The state-of-the-art today includes cluster management solutions like DRS [12] 
that collect information about VMs from each server in the cluster, and 
allocate CPU and memory re-sources based on the demand. This clustered model 
has certain advantages like facilitating VM migrations between servers if the 
total allocation to VMs on a server exceeds its physical capacity. However, 
when a tenant's VMs are spread across multiple clusters, a centralized strategy 
becomes impractical, since it requires dynamic per VM information to be made 
available at a cloud-level database shared among hundreds of clusters. Not only 
does this require a large amount of information to be frequently exchanged 
between clusters, but the centralized algorithms will be CPU intensive due to 
the large number of VMs it needs to consider.

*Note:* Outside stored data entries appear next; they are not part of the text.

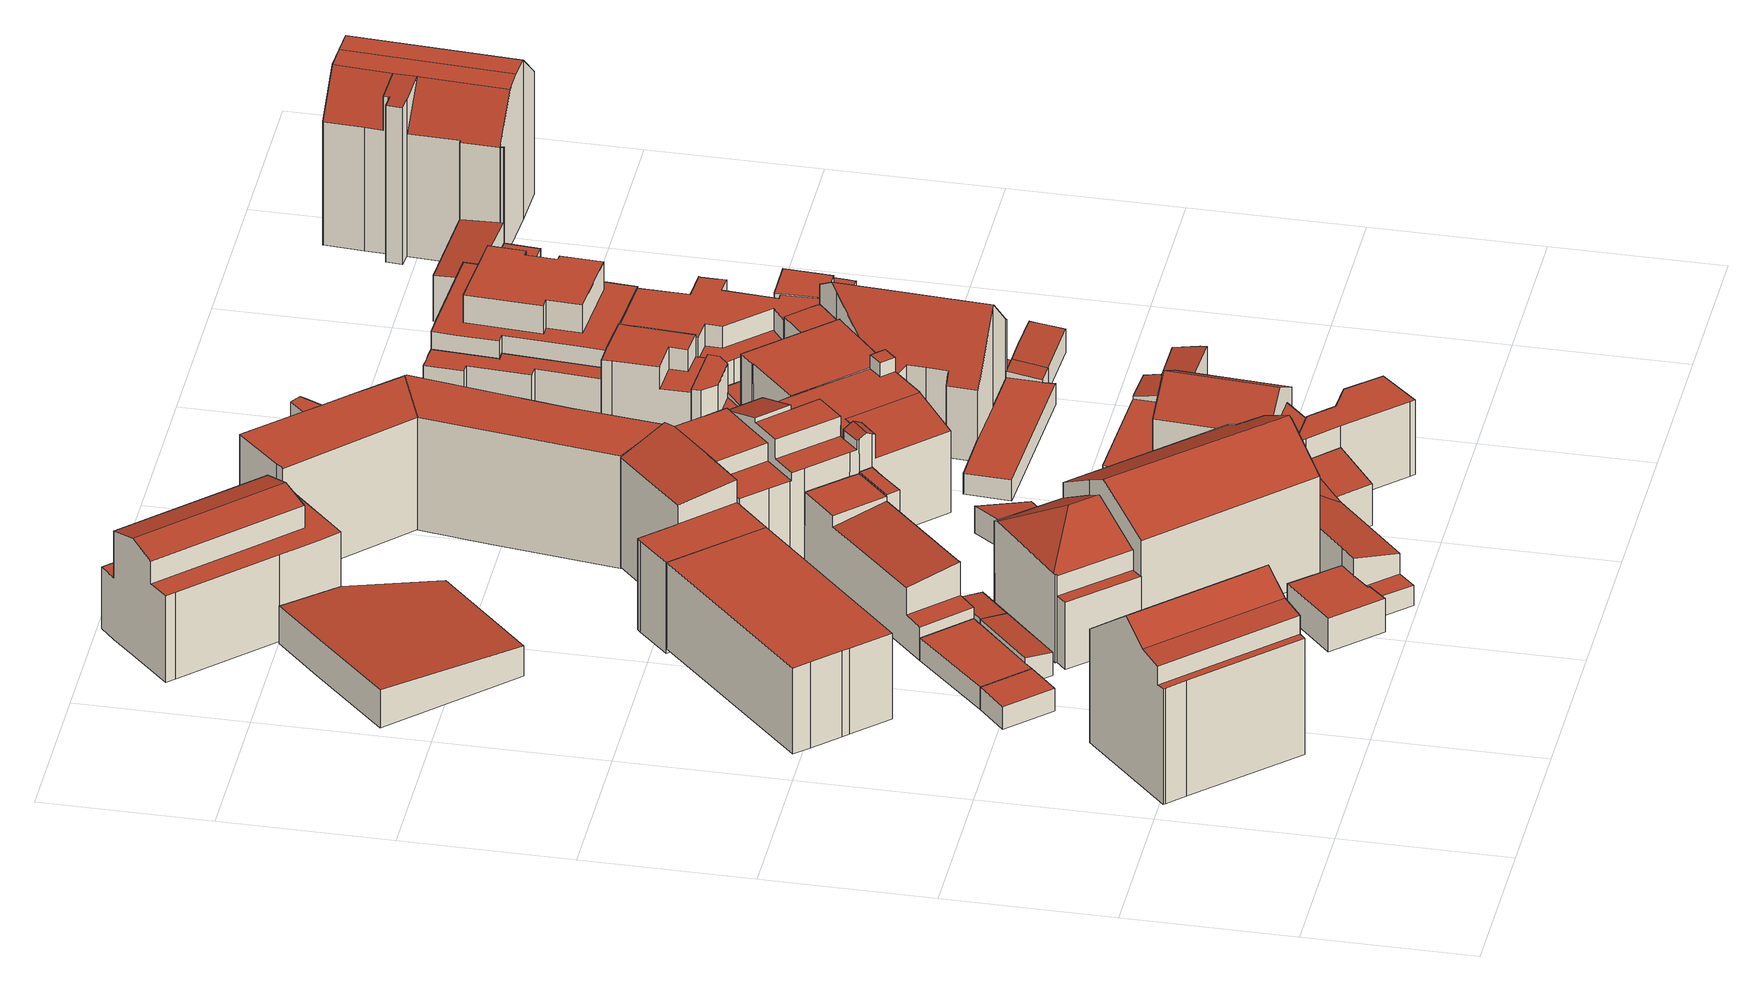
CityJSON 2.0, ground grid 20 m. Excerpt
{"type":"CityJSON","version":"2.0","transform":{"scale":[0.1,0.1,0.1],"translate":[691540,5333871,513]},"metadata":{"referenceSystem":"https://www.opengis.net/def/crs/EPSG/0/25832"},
"CityObjects":{
"building1":{"type":"Building","attributes":{"Gemeindeschluessel":"09162000","HoeheDach":"535.320","HoeheGrund":"514.777","Methode":"2000","NiedrigsteTraufeDesGebaeudes":"529.470","Geometrietyp2DReferenz":"3000","function":"31001_1000","roofType":"3100","measuredHeight":20.54,"storeysAboveGround":5},"geometry":[{"type":"MultiSurface","lod":"2","boundaries":[[[0,1,2,3]],[[3,2,4,5]],[[6,7,8,9]],[[10,6,9,11]],[[12,13,14,15,16,17,18,0,3,5]],[[16,15,19,20,11,9,8,21]],[[7,4,2,1,22,23,21,8]],[[24,25,26,27,20,19]],[[12,26,25,13]],[[17,23,22,18]],[[14,24,19,15]],[[18,22,1,0]],[[16,21,23,17]],[[13,25,24,14]],[[12,5,4,7,6,10,27,26]],[[27,10,11,20]]],"semantics":{"surfaces":[{"type":"WallSurface"},{"type":"RoofSurface"},{"type":"GroundSurface"}],"values":[0,0,1,1,2,0,1,1,0,0,0,0,0,0,0,0]}}]},
"building2":{"type":"Building","attributes":{"Gemeindeschluessel":"09162000","HoeheDach":"518.209","HoeheGrund":"515.319","Methode":"1000","NiedrigsteTraufeDesGebaeudes":"518.209","Geometrietyp2DReferenz":"3000","function":"31001_2000","roofType":"1000","measuredHeight":2.89},"geometry":[{"type":"MultiSurface","lod":"2","boundaries":[[[28,29,30,31]],[[32,28,31,33]],[[34,30,29,35]],[[33,34,35,32]],[[32,35,29,28]],[[31,30,34,33]]],"semantics":{"surfaces":[{"type":"WallSurface"},{"type":"GroundSurface"},{"type":"RoofSurface"}],"values":[0,1,2,0,0,0]}}]},
"building3":{"type":"Building","attributes":{"Gemeindeschluessel":"09162000","HoeheDach":"518.220","HoeheGrund":"515.339","Methode":"2000","NiedrigsteTraufeDesGebaeudes":"518.220","Geometrietyp2DReferenz":"3000","function":"31001_2000","roofType":"1000","measuredHeight":2.88},"geometry":[{"type":"MultiSurface","lod":"2","boundaries":[[[36,37,38,39]],[[38,37,40,41]],[[31,30,29,28]],[[30,42,39,38,41,29]],[[43,36,39,42]],[[29,41,40,28]],[[31,43,42,30]],[[36,43,31,28,40,37]]],"semantics":{"surfaces":[{"type":"WallSurface"},{"type":"RoofSurface"},{"type":"GroundSurface"}],"values":[0,0,0,1,0,0,0,2]}}]},
"building4":{"type":"Building","attributes":{"Gemeindeschluessel":"09162000","HoeheDach":"525.994","HoeheGrund":"514.950","Methode":"1000","NiedrigsteTraufeDesGebaeudes":"525.994","Geometrietyp2DReferenz":"3000","function":"31001_9998","roofType":"1000","measuredHeight":11.04,"storeysAboveGround":4},"geometry":[{"type":"MultiSurface","lod":"2","boundaries":[[[44,45,46,47]],[[48,49,46,45,50,51,52]],[[53,49,48,54]],[[55,50,45,44]],[[56,51,50,55]],[[54,48,52,57]],[[57,56,55,44,47,53,54]],[[57,52,51,56]],[[47,46,49,53]]],"semantics":{"surfaces":[{"type":"WallSurface"},{"type":"RoofSurface"},{"type":"GroundSurface"}],"values":[0,1,0,0,0,0,2,0,0]}}]},
"building5":{"type":"Building","attributes":{"Gemeindeschluessel":"09162000","HoeheDach":"518.866","HoeheGrund":"515.414","Methode":"1000","NiedrigsteTraufeDesGebaeudes":"518.372","Geometrietyp2DReferenz":"3000","function":"31001_2000","roofType":"1000","measuredHeight":3.45},"geometry":[{"type":"MultiSurface","lod":"2","boundaries":[[[58,59,60,61]],[[62,63,64,65]],[[63,58,61,64]],[[62,59,58,63]],[[62,65,60,59]],[[64,61,60,65]]],"semantics":{"surfaces":[{"type":"WallSurface"},{"type":"RoofSurface"},{"type":"GroundSurface"}],"values":[0,0,1,0,2,0]}}]},
"building6":{"type":"Building","attributes":{"Gemeindeschluessel":"09162000","HoeheDach":"519.893","HoeheGrund":"515.551","Methode":"2000","NiedrigsteTraufeDesGebaeudes":"519.893","Geometrietyp2DReferenz":"3000","function":"31001_9998","roofType":"1000","measuredHeight":4.34,"storeysAboveGround":1},"geometry":[{"type":"MultiSurface","lod":"2","boundaries":[[[66,67,68,69]],[[70,71,67,66]],[[72,73,74,70,66,69,75]],[[76,73,72,77]],[[78,74,73,76]],[[75,79,77,72]],[[69,68,79,75]],[[74,78,71,70]],[[76,77,79,68,67,71,78]]],"semantics":{"surfaces":[{"type":"WallSurface"},{"type":"GroundSurface"},{"type":"RoofSurface"}],"values":[0,0,1,0,0,0,0,0,2]}}]},
"building7":{"type":"Building","attributes":{"Gemeindeschluessel":"09162000","HoeheDach":"519.977","HoeheGrund":"515.090","Methode":"2000","NiedrigsteTraufeDesGebaeudes":"518.981","Geometrietyp2DReferenz":"3000","function":"31001_9998","roofType":"1000","measuredHeight":4.89,"storeysAboveGround":1},"geometry":[{"type":"MultiSurface","lod":"2","boundaries":[[[80,81,82,83,84,85]],[[85,84,83,86,87,88]],[[89,90,91,82,81,80]],[[83,82,91,86]],[[86,91,90,87]],[[88,89,80,85]],[[87,90,89,88]]],"semantics":{"surfaces":[{"type":"WallSurface"},{"type":"GroundSurface"},{"type":"RoofSurface"}],"values":[0,1,2,0,0,0,0]}}]},
"building8":{"type":"Building","attributes":{"Gemeindeschluessel":"09162000","HoeheDach":"530.462","HoeheGrund":"515.513","Methode":"2000","NiedrigsteTraufeDesGebaeudes":"524.230","Geometrietyp2DReferenz":"3000","function":"31001_1000","roofType":"3200","measuredHeight":14.95,"storeysAboveGround":4},"geometry":[{"type":"MultiSurface","lod":"2","boundaries":[[[92,93,94,95]],[[96,97,98,99,100]],[[101,102,103,104]],[[100,105,106,107,108,96]],[[93,109,110,107,106,111,94]],[[101,104,112,105,100,99,98,113]],[[96,108,110,109,114,97]],[[98,97,114,113]],[[112,111,106,105]],[[102,92,95,103]],[[112,104,103,95,94,111]],[[101,113,114,109,93,92,102]],[[110,108,107]]],"semantics":{"surfaces":[{"type":"WallSurface"},{"type":"RoofSurface"},{"type":"GroundSurface"}],"values":[0,0,0,0,1,2,1,0,0,1,0,0,1]}}]},
"building9":{"type":"Building","attributes":{"Gemeindeschluessel":"09162000","HoeheDach":"518.853","HoeheGrund":"515.680","Methode":"1000","NiedrigsteTraufeDesGebaeudes":"518.362","Geometrietyp2DReferenz":"3000","function":"31001_2000","roofType":"1000","measuredHeight":3.17},"geometry":[{"type":"MultiSurface","lod":"2","boundaries":[[[115,58,61,116]],[[117,118,58,115]],[[116,61,119,120]],[[58,118,121,122,119,61]],[[123,121,118,117]],[[116,120,124,123,117,115]],[[120,119,122,124]],[[124,122,121,123]]],"semantics":{"surfaces":[{"type":"WallSurface"},{"type":"RoofSurface"},{"type":"GroundSurface"}],"values":[0,0,0,1,0,2,0,0]}}]},
"building10":{"type":"Building","attributes":{"Gemeindeschluessel":"09162000","HoeheDach":"524.475","HoeheGrund":"515.318","Methode":"2000","NiedrigsteTraufeDesGebaeudes":"519.650","Geometrietyp2DReferenz":"3000","function":"31001_9998","roofType":"1000","measuredHeight":9.16,"storeysAboveGround":2},"geometry":[{"type":"MultiSurface","lod":"2","boundaries":[[[125,126,40,127,128,129,130,131]],[[132,133,126,125]],[[134,135,136,128,127]],[[137,138,139,140,136,135]],[[133,132,141,142]],[[137,135,134,37]],[[138,143,142,141,144,145,139]],[[136,140,129,128]],[[145,144,131,130]],[[37,134,127,40]],[[140,139,145,130,129]],[[137,37,40,126,133,142,143,138]],[[132,125,131,144,141]]],"semantics":{"surfaces":[{"type":"WallSurface"},{"type":"RoofSurface"},{"type":"GroundSurface"}],"values":[0,0,1,0,0,0,0,0,0,0,1,2,1]}}]},
"building11":{"type":"Building","attributes":{"Gemeindeschluessel":"09162000","HoeheDach":"532.944","HoeheGrund":"515.513","Methode":"1000","NiedrigsteTraufeDesGebaeudes":"528.835","Geometrietyp2DReferenz":"3000","function":"31001_9998","roofType":"3100","measuredHeight":17.43,"storeysAboveGround":4},"geometry":[{"type":"MultiSurface","lod":"2","boundaries":[[[146,147,101,113,98,148,149,150]],[[148,151,152,149]],[[98,153,151,148]],[[154,150,149,152]],[[113,155,153,98]],[[156,157,101,147]],[[154,152,151,153,155,158,159]],[[157,158,155,113,101]],[[160,156,147,146]],[[146,150,154,159,160]],[[156,160,159,158,157]]],"semantics":{"surfaces":[{"type":"GroundSurface"},{"type":"WallSurface"},{"type":"RoofSurface"}],"values":[0,1,1,1,1,1,2,1,1,1,2]}}]},
"building12":{"type":"Building","attributes":{"Gemeindeschluessel":"09162000","HoeheDach":"522.209","HoeheGrund":"515.512","Methode":"2000","NiedrigsteTraufeDesGebaeudes":"518.143","Geometrietyp2DReferenz":"3000","function":"31001_2000","roofType":"2100","measuredHeight":6.7},"geometry":[{"type":"MultiSurface","lod":"2","boundaries":[[[161,162,163,164]],[[165,166,167,168]],[[169,167,166,170,161,164,171]],[[172,165,168,173,174,175,147,146,150,176,177,178,179,180]],[[162,181,182,183,184,185,163]],[[186,187,188,189,190,191,182,181]],[[177,189,188,178]],[[176,190,189,177]],[[175,185,184,147]],[[172,170,166,165]],[[179,187,186,180]],[[150,191,190,176]],[[178,188,187,179]],[[169,173,168,167]],[[173,169,171,174]],[[184,183,146,147]],[[175,174,171,164,163,185]],[[162,161,170,172,180,186,181]],[[150,146,183,182,191]]],"semantics":{"surfaces":[{"type":"WallSurface"},{"type":"RoofSurface"},{"type":"GroundSurface"}],"values":[0,0,1,2,1,1,0,0,0,0,0,0,0,0,0,0,0,0,0]}}]},
"building13":{"type":"Building","attributes":{"Gemeindeschluessel":"09162000","HoeheDach":"530.511","HoeheGrund":"515.410","Methode":"2000","NiedrigsteTraufeDesGebaeudes":"523.420","Geometrietyp2DReferenz":"3000","function":"31001_9998","roofType":"3100","measuredHeight":15.1,"storeysAboveGround":2},"geometry":[{"type":"MultiSurface","lod":"2","boundaries":[[[192,193,194,195,196,197,198]],[[194,193,192,199,200,201,202,203,204,205,206,207,208,209,210,211]],[[207,212,213,208]],[[200,214,215,201]],[[206,216,212,207]],[[215,214,217,198,197,218,219,220,221,222]],[[209,223,224,210]],[[220,219,218,225,226,227]],[[222,221,228,229,230,231,216,206,205,204,203,202]],[[227,226,229,228]],[[225,218,197,196,232,231,230]],[[226,225,230,229]],[[208,213,223,209]],[[201,215,222,202]],[[210,224,233,211]],[[232,196,195,233,224,223,213,212,216,231]],[[211,233,195,194]],[[199,192,198,217,214,200]],[[220,227,228,221]]],"semantics":{"surfaces":[{"type":"WallSurface"},{"type":"GroundSurface"},{"type":"RoofSurface"}],"values":[0,1,0,0,0,2,0,0,0,2,0,2,0,0,0,2,0,0,0]}}]},
"building14":{"type":"Building","attributes":{"Gemeindeschluessel":"09162000","HoeheDach":"528.897","HoeheGrund":"514.174","Methode":"2000","NiedrigsteTraufeDesGebaeudes":"525.966","Geometrietyp2DReferenz":"3000","function":"31001_9998","roofType":"1000","measuredHeight":14.72,"storeysAboveGround":5},"geometry":[{"type":"MultiSurface","lod":"2","boundaries":[[[234,235,236,51,50,237,238,239,240]],[[51,241,242,50]],[[243,244,245,246,247,248]],[[249,247,246,250]],[[251,238,237,252]],[[250,246,245,253]],[[234,254,255,235]],[[256,236,235,255]],[[251,252,242,241,256,255,254,249,250,253,257]],[[253,245,244,257]],[[252,237,50,242]],[[239,243,248,240]],[[251,257,244,243,239,238]],[[249,254,234,240,248,247]],[[241,51,236,256]]],"semantics":{"surfaces":[{"type":"RoofSurface"},{"type":"WallSurface"},{"type":"GroundSurface"}],"values":[0,1,0,1,1,1,1,1,2,1,1,1,1,1,1]}}]},
"building15":{"type":"Building","attributes":{"Gemeindeschluessel":"09162000","HoeheDach":"524.690","HoeheGrund":"515.581","Methode":"2000","NiedrigsteTraufeDesGebaeudes":"524.690","Geometrietyp2DReferenz":"3000","function":"31001_2000","roofType":"1000","measuredHeight":9.11},"geometry":[{"type":"MultiSurface","lod":"2","boundaries":[[[258,259,260,261]],[[261,262,263,264,258]],[[263,265,266,264]],[[261,260,267,262]],[[262,267,265,263]],[[259,266,265,267,260]],[[264,266,259,258]]],"semantics":{"surfaces":[{"type":"WallSurface"},{"type":"GroundSurface"},{"type":"RoofSurface"}],"values":[0,1,0,0,0,2,0]}}]},
"building16":{"type":"Building","attributes":{"Gemeindeschluessel":"09162000","HoeheDach":"519.240","HoeheGrund":"515.712","Methode":"2000","NiedrigsteTraufeDesGebaeudes":"518.033","Geometrietyp2DReferenz":"3000","function":"31001_2000","roofType":"2100","measuredHeight":3.53},"geometry":[{"type":"MultiSurface","lod":"2","boundaries":[[[268,269,270,271]],[[272,269,268,273]],[[273,268,271,274]],[[274,275,272,273]],[[275,270,269,272]],[[274,271,270,275]]],"semantics":{"surfaces":[{"type":"RoofSurface"},{"type":"WallSurface"},{"type":"GroundSurface"}],"values":[0,1,1,2,1,1]}}]},
"building17":{"type":"Building","attributes":{"Gemeindeschluessel":"09162000","HoeheDach":"522.275","HoeheGrund":"515.480","Methode":"1000","NiedrigsteTraufeDesGebaeudes":"520.942","Geometrietyp2DReferenz":"3000","function":"31001_2000","roofType":"2100","measuredHeight":6.79},"geometry":[{"type":"MultiSurface","lod":"2","boundaries":[[[276,277,278,279,280,281]],[[281,280,279,179,282,180]],[[179,279,278,283]],[[284,285,180,282,179,283]],[[285,284,277,276,281,180]],[[283,278,277,284]]],"semantics":{"surfaces":[{"type":"RoofSurface"},{"type":"WallSurface"},{"type":"GroundSurface"}],"values":[0,1,1,2,1,1]}}]},
"building18":{"type":"Building","attributes":{"Gemeindeschluessel":"09162000","HoeheDach":"530.700","HoeheGrund":"515.064","Methode":"2000","NiedrigsteTraufeDesGebaeudes":"525.726","Geometrietyp2DReferenz":"3000","function":"31001_9998","roofType":"1000","measuredHeight":15.64,"storeysAboveGround":4},"geometry":[{"type":"MultiSurface","lod":"2","boundaries":[[[286,287,288,289]],[[290,291,292,293]],[[294,289,288,295,296,297,298,299,300]],[[301,302,303,304,305,306]],[[307,308,309,310,311,312,290,293,313,314,315,316,317,302,301,318,319,320]],[[321,322,323,324,325]],[[314,313,326,327,328,244]],[[329,286,289,294,330]],[[331,332,333,334,335]],[[297,327,326,292,291,298]],[[307,320,336,337,338,339]],[[308,340,332,331,341,309]],[[311,310,321,325,342,343]],[[331,335,323,322,341]],[[344,345,329,330,346,347]],[[334,333,348,339,338,349,350,351,306,305,352,345,344]],[[319,353,336,320]],[[302,317,354,355,356,303]],[[316,357,354,317]],[[310,309,341,322,321]],[[356,355,295]],[[297,296,328,327]],[[301,306,351,318]],[[295,355,354,357,245,244,328,296]],[[352,286,329,345]],[[293,292,326,313]],[[334,344,347,324,323,335]],[[349,358,359,350]],[[348,333,332,340]],[[342,325,324,347]],[[319,318,351,350,359,353]],[[346,330,294,300]],[[314,244,245,315]],[[311,343,360,312]],[[290,312,360,299,298,291]],[[287,304,303,356,295,288]],[[360,343,342,347,346,300,299]],[[315,245,357,316]],[[348,340,308,307,339]],[[338,337,358,349]],[[305,304,287,286,352]],[[337,336,353,359,358]]],"semantics":{"surfaces":[{"type":"WallSurface"},{"type":"GroundSurface"},{"type":"RoofSurface"}],"values":[0,0,0,0,1,2,0,2,0,2,0,0,0,2,0,2,0,0,0,0,0,0,0,2,0,0,0,0,2,0,0,0,0,0,0,2,2,0,0,0,0,2]}}]},
"building19":{"type":"Building","attributes":{"Gemeindeschluessel":"09162000","HoeheDach":"525.060","HoeheGrund":"515.450","Methode":"2000","NiedrigsteTraufeDesGebaeudes":"519.045","Geometrietyp2DReferenz":"3000","function":"31001_9998","roofType":"1000","measuredHeight":9.61,"storeysAboveGround":3},"geometry":[{"type":"MultiSurface","lod":"2","boundaries":[[[361,362,363,364]],[[365,366,367,368]],[[369,370,371,372,373,374]],[[375,376,371,370]],[[364,363,377,378]],[[375,370,369,379,361,364,378,380,381,382]],[[379,383,362,361]],[[381,384,385,382]],[[368,367,373,372]],[[380,386,384,381]],[[369,374,383,379]],[[376,375,382,385,366,365]],[[376,365,368,372,371]],[[377,363,362,383,374,373,367,366,385,384,386]],[[378,377,386,380]]],"semantics":{"surfaces":[{"type":"WallSurface"},{"type":"GroundSurface"},{"type":"RoofSurface"}],"values":[0,0,0,0,0,1,0,0,0,0,0,0,2,2,0]}}]},
"building20":{"type":"Building","attributes":{"Gemeindeschluessel":"09162000","HoeheDach":"527.920","HoeheGrund":"515.456","Methode":"2000","NiedrigsteTraufeDesGebaeudes":"518.641","Geometrietyp2DReferenz":"3000","function":"31001_9998","roofType":"3100","measuredHeight":12.46,"storeysAboveGround":3},"geometry":[{"type":"MultiSurface","lod":"2","boundaries":[[[387,388,389,390,391,392,393]],[[177,394,395,176]],[[396,397,398,399,177,176,400,401,402]],[[402,401,403,404,405]],[[396,406,407,397]],[[391,390,408,409]],[[387,404,403,410,411,388]],[[412,407,406,392,391,409]],[[397,407,412,398]],[[399,413,394,177]],[[403,401,400,410]],[[400,176,395,414,411,410]],[[389,388,411,414]],[[387,393,405,404]],[[393,392,406,396,402,405]],[[399,398,412,409,408,413]],[[389,414,395,394,413,408,390]]],"semantics":{"surfaces":[{"type":"WallSurface"},{"type":"GroundSurface"},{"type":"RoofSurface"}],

The problem of scalable dynamic resource  and we are not aware of any practical 
existing solution. We envision our algorithm to run at the cluster-level and 
allow distributed clusters to work together to provide the customer with the 
abstraction of buying bulk capacity. 
"

Haven't read the whole paper yet, but the above problem statement resonates 
with me. Our current centralized allocation algorithm may have problem in case 
of a large of concurrent VMs allocation. 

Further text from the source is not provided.